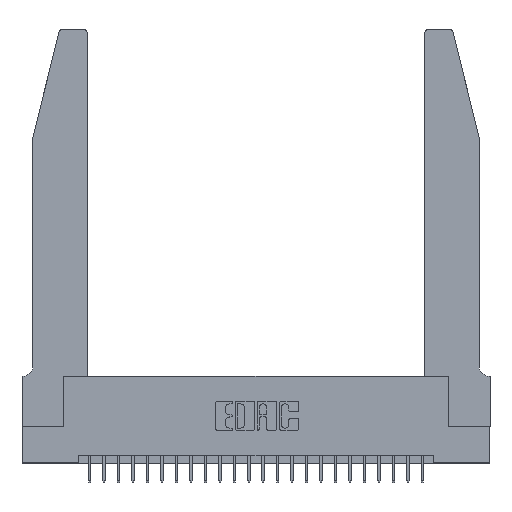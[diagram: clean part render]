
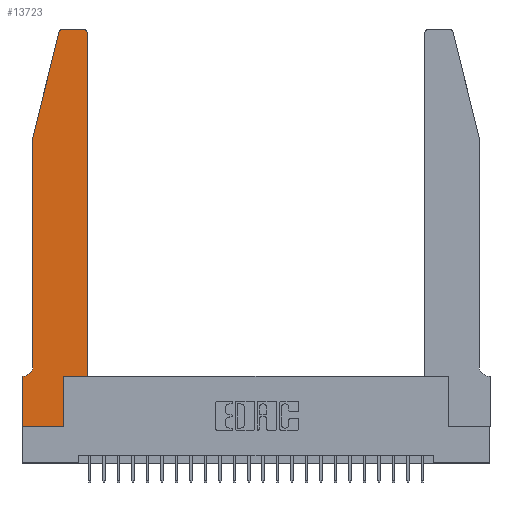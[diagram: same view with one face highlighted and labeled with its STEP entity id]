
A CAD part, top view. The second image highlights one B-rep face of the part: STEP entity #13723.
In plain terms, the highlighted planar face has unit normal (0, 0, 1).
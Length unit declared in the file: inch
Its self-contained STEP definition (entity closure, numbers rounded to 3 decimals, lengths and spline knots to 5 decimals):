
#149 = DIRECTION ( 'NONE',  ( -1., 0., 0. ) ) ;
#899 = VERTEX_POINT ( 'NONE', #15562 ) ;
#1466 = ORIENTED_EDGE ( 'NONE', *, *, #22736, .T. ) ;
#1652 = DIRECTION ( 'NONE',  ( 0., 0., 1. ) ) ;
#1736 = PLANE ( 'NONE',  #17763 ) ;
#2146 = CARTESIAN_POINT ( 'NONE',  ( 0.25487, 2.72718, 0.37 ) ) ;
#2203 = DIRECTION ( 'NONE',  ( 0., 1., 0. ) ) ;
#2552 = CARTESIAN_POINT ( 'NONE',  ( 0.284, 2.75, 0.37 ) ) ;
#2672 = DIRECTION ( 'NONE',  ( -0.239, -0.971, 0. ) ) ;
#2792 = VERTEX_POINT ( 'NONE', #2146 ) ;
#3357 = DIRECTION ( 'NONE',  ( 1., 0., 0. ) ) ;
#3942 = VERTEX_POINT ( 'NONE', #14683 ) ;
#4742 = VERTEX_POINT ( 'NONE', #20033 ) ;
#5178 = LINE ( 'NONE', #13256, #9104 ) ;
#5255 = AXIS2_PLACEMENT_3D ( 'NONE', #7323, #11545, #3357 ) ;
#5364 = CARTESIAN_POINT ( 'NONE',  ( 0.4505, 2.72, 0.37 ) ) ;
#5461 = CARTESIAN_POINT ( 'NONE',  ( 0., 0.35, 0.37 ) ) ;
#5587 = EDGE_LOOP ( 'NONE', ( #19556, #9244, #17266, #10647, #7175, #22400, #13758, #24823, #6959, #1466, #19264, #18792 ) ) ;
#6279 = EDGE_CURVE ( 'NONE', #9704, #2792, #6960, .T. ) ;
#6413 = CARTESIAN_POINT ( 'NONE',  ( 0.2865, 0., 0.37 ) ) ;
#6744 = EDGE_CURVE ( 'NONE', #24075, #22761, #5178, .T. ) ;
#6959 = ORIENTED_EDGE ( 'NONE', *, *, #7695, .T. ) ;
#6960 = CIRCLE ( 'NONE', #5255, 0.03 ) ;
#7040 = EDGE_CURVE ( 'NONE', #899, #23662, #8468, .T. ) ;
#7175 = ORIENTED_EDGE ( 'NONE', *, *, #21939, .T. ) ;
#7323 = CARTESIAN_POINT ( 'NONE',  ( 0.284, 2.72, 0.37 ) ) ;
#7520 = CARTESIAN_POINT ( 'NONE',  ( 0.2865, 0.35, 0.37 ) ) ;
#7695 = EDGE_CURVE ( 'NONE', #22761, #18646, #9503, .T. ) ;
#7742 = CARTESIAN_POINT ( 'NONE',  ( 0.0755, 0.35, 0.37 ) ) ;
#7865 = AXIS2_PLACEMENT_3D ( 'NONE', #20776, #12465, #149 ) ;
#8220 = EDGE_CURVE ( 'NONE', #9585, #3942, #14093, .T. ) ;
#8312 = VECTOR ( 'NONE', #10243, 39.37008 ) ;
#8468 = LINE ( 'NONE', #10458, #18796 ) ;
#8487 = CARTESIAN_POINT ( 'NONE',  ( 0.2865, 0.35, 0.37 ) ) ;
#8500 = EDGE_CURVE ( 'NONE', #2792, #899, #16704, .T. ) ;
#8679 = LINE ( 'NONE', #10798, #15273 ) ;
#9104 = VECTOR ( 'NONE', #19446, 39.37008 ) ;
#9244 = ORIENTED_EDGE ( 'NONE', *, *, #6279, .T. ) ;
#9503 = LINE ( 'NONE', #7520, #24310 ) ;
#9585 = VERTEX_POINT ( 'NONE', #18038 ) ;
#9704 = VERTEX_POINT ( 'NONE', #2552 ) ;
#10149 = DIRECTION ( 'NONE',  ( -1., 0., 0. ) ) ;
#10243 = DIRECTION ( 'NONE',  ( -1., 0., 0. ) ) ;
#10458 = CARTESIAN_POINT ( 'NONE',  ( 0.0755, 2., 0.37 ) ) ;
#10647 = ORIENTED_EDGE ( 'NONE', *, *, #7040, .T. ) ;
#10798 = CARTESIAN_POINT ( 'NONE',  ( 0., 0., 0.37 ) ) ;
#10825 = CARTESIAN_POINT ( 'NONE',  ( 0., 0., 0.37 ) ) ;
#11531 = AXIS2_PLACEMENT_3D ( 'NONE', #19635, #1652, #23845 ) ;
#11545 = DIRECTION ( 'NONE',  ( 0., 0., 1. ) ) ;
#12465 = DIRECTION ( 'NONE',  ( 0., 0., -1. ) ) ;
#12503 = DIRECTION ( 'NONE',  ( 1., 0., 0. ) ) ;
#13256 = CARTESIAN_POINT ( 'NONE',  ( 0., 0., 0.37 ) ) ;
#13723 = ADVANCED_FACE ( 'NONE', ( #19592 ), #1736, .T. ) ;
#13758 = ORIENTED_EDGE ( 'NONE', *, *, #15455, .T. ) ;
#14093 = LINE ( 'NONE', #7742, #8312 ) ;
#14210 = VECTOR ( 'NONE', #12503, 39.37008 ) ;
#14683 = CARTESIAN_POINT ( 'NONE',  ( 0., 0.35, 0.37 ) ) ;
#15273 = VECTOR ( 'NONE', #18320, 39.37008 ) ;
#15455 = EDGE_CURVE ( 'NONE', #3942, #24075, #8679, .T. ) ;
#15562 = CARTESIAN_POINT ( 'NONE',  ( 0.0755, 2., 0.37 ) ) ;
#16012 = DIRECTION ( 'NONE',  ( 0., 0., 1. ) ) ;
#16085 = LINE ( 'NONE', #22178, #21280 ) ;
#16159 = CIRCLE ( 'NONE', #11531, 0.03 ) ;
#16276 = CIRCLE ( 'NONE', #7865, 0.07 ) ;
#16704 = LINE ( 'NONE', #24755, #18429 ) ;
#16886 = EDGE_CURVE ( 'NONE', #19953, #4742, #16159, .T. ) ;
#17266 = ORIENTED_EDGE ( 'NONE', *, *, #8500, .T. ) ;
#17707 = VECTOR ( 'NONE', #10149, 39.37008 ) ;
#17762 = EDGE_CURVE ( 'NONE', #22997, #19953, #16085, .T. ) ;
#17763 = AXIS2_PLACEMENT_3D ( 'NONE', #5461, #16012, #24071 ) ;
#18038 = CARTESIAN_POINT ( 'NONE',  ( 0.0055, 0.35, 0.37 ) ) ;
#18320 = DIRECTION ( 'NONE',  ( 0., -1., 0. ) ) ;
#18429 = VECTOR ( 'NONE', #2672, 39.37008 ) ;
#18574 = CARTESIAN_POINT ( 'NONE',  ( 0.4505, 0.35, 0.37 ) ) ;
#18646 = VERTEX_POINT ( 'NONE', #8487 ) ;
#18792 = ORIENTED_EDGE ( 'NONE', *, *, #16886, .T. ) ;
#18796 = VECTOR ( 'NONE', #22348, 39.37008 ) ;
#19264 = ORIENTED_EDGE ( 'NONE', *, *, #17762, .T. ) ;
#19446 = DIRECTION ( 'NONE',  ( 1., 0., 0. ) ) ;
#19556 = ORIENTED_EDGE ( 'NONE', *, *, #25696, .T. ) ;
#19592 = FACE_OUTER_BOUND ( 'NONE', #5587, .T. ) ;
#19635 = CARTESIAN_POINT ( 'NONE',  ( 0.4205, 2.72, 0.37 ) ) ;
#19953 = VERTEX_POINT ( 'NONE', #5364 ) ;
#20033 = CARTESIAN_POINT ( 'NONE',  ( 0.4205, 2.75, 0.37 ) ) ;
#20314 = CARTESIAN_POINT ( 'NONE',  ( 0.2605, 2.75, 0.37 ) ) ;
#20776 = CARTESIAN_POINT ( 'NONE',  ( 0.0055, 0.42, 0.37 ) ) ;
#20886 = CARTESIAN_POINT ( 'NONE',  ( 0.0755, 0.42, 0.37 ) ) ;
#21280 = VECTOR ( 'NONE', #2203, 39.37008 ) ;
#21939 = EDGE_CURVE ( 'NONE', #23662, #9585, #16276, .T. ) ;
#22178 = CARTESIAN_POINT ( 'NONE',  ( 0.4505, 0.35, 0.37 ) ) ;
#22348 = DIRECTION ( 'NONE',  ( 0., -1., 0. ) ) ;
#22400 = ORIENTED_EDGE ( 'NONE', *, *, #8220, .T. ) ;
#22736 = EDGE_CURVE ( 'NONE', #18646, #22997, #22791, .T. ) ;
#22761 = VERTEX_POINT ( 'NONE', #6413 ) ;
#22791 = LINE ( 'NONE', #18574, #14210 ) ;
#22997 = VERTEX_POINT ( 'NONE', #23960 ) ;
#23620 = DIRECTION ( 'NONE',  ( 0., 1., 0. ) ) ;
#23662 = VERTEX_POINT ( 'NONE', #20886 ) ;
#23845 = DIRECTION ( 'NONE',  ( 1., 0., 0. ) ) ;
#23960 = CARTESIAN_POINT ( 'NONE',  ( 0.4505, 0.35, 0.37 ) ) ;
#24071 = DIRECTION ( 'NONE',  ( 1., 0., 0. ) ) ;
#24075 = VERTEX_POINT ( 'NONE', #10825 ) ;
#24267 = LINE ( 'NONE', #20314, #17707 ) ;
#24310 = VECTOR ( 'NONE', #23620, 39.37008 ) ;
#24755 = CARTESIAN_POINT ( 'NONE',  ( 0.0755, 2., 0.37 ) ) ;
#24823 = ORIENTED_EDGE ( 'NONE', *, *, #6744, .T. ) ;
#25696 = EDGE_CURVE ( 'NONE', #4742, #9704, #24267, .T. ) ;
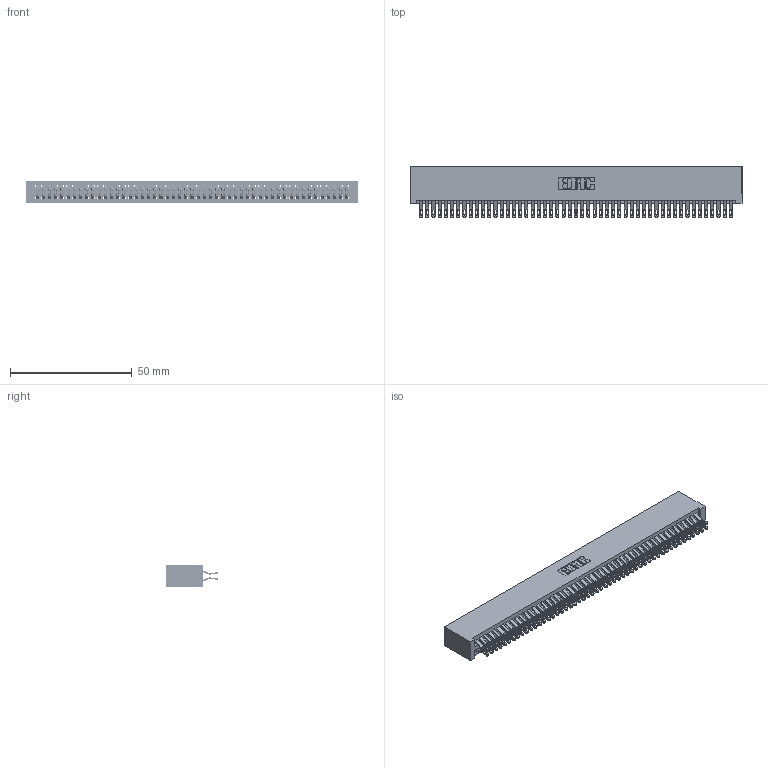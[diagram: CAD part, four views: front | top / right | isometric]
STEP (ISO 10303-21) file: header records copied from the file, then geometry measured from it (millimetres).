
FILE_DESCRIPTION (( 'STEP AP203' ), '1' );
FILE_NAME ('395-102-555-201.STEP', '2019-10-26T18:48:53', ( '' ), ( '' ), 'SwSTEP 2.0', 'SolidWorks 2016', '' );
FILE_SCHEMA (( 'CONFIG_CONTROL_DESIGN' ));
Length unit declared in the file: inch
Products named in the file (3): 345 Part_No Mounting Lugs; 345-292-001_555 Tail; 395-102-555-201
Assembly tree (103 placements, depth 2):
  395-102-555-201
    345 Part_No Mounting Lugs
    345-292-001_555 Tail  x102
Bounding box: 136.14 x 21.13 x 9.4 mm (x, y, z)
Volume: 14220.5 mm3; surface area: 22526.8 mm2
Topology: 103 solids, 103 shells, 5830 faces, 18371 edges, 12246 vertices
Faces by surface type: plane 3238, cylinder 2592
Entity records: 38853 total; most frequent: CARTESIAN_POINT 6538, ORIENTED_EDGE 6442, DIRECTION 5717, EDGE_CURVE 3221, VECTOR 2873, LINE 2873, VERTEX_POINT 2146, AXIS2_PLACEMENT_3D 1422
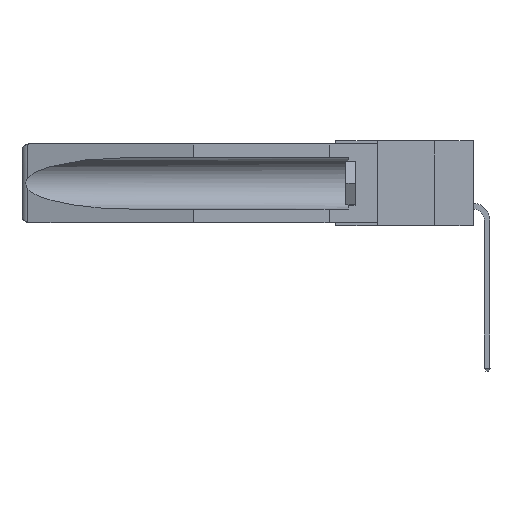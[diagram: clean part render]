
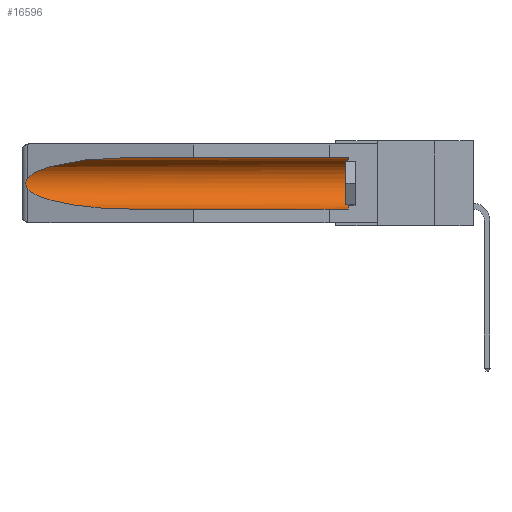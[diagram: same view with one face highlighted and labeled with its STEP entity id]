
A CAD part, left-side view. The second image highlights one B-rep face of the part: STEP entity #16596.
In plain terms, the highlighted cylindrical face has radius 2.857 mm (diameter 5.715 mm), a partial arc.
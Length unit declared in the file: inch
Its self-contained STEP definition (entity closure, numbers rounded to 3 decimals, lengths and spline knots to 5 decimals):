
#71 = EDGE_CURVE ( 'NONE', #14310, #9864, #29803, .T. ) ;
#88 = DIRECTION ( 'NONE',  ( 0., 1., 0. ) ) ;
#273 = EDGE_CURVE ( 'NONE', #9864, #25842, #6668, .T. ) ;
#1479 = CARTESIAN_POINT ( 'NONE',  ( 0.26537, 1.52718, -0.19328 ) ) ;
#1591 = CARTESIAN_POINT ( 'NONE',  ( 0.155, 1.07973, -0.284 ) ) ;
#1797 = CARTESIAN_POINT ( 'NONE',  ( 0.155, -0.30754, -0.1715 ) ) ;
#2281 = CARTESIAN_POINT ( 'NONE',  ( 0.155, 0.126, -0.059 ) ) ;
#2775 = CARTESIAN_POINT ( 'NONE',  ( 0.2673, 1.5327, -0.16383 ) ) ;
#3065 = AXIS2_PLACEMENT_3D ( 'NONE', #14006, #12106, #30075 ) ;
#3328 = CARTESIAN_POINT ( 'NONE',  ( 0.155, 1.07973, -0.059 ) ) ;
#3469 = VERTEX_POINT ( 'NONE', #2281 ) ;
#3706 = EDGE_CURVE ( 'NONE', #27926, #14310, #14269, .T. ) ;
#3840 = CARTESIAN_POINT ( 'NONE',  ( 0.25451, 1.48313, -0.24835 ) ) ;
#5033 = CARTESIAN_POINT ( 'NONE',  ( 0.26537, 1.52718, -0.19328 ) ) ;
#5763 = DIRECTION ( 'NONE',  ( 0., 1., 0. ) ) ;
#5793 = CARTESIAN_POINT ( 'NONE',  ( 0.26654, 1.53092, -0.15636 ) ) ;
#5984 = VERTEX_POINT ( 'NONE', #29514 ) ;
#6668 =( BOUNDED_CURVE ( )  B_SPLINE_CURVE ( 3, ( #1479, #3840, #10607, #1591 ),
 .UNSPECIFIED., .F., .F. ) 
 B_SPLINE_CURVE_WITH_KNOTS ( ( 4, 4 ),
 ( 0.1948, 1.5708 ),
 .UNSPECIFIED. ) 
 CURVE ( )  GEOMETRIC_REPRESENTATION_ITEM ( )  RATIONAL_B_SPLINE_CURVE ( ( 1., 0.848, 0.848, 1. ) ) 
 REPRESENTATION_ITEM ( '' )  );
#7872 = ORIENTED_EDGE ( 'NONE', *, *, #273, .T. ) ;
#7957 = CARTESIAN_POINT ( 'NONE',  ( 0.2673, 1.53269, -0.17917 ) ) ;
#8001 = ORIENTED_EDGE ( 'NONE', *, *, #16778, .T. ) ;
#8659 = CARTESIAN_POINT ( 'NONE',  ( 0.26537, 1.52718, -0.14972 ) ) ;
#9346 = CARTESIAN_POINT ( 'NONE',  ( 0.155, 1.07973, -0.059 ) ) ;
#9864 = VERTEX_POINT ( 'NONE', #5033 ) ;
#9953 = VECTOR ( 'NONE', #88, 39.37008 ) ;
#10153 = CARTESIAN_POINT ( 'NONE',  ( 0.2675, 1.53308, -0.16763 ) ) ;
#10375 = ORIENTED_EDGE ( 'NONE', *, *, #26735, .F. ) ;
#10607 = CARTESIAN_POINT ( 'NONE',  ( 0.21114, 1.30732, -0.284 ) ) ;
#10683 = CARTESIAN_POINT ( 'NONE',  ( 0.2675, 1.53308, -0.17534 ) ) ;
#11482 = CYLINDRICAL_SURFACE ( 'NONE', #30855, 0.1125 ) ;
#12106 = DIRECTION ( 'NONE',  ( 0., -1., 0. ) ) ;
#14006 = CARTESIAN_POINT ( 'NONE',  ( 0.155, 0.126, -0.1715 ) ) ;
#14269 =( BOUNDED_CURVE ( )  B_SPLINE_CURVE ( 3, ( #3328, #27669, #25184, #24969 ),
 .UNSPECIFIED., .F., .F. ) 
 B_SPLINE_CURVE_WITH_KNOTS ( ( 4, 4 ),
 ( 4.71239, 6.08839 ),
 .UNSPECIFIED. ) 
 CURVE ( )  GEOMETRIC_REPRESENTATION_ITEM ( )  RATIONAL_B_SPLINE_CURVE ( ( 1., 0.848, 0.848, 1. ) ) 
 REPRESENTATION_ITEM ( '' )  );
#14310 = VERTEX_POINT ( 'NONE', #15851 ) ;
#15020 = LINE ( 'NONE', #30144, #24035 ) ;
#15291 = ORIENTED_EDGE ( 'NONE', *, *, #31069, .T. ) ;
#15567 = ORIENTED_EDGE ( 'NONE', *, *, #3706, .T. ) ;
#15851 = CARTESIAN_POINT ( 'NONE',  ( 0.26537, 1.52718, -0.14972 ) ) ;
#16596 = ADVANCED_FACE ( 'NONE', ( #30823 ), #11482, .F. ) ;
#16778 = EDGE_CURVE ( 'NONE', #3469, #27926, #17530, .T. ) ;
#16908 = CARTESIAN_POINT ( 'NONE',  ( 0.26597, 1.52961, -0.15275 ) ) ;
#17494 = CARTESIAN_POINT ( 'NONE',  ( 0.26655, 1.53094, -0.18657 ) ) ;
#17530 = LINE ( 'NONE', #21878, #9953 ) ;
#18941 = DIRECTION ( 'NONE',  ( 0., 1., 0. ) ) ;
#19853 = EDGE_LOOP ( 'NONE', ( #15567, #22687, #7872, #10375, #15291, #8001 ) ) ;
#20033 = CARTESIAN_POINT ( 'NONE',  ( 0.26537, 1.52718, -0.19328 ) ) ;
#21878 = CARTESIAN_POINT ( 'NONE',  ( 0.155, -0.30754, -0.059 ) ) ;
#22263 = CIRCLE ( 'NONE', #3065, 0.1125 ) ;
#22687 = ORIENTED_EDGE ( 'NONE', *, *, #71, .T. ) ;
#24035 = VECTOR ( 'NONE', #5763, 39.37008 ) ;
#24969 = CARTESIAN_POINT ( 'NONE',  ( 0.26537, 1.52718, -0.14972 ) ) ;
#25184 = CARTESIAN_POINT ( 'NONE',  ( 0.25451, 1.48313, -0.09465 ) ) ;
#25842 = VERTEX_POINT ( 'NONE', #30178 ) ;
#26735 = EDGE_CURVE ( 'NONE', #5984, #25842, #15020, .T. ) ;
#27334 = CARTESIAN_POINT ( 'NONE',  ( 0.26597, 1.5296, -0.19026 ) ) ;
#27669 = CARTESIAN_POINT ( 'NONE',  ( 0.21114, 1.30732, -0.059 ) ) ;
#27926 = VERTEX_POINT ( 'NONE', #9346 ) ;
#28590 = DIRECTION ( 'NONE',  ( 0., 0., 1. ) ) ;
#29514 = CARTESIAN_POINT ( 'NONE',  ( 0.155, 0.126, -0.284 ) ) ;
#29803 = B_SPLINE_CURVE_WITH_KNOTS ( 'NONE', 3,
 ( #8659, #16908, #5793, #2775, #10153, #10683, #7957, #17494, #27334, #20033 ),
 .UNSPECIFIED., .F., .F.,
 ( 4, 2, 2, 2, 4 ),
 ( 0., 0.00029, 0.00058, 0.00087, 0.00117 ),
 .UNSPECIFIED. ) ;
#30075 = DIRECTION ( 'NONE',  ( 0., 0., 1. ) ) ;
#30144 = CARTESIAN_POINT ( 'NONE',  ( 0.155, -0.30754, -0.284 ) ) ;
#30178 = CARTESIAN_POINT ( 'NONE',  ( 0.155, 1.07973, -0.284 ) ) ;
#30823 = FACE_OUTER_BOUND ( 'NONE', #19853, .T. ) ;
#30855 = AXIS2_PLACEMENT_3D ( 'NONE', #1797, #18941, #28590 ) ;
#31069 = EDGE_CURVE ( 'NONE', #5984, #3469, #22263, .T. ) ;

- Task statement: Where the line holding "#11531 = AXIS2_PLACEMENT_3D" appears in the listing above, start reproducing exactly, and end with the line holding "#14093 = LINE ( 'NONE', #7742, #8312 ) ;".

- Task solution:
#11531 = AXIS2_PLACEMENT_3D ( 'NONE', #19635, #1652, #23845 ) ;
#11545 = DIRECTION ( 'NONE',  ( 0., 0., 1. ) ) ;
#12465 = DIRECTION ( 'NONE',  ( 0., 0., -1. ) ) ;
#12503 = DIRECTION ( 'NONE',  ( 1., 0., 0. ) ) ;
#13256 = CARTESIAN_POINT ( 'NONE',  ( 0., 0., 0.37 ) ) ;
#13723 = ADVANCED_FACE ( 'NONE', ( #19592 ), #1736, .T. ) ;
#13758 = ORIENTED_EDGE ( 'NONE', *, *, #15455, .T. ) ;
#14093 = LINE ( 'NONE', #7742, #8312 ) ;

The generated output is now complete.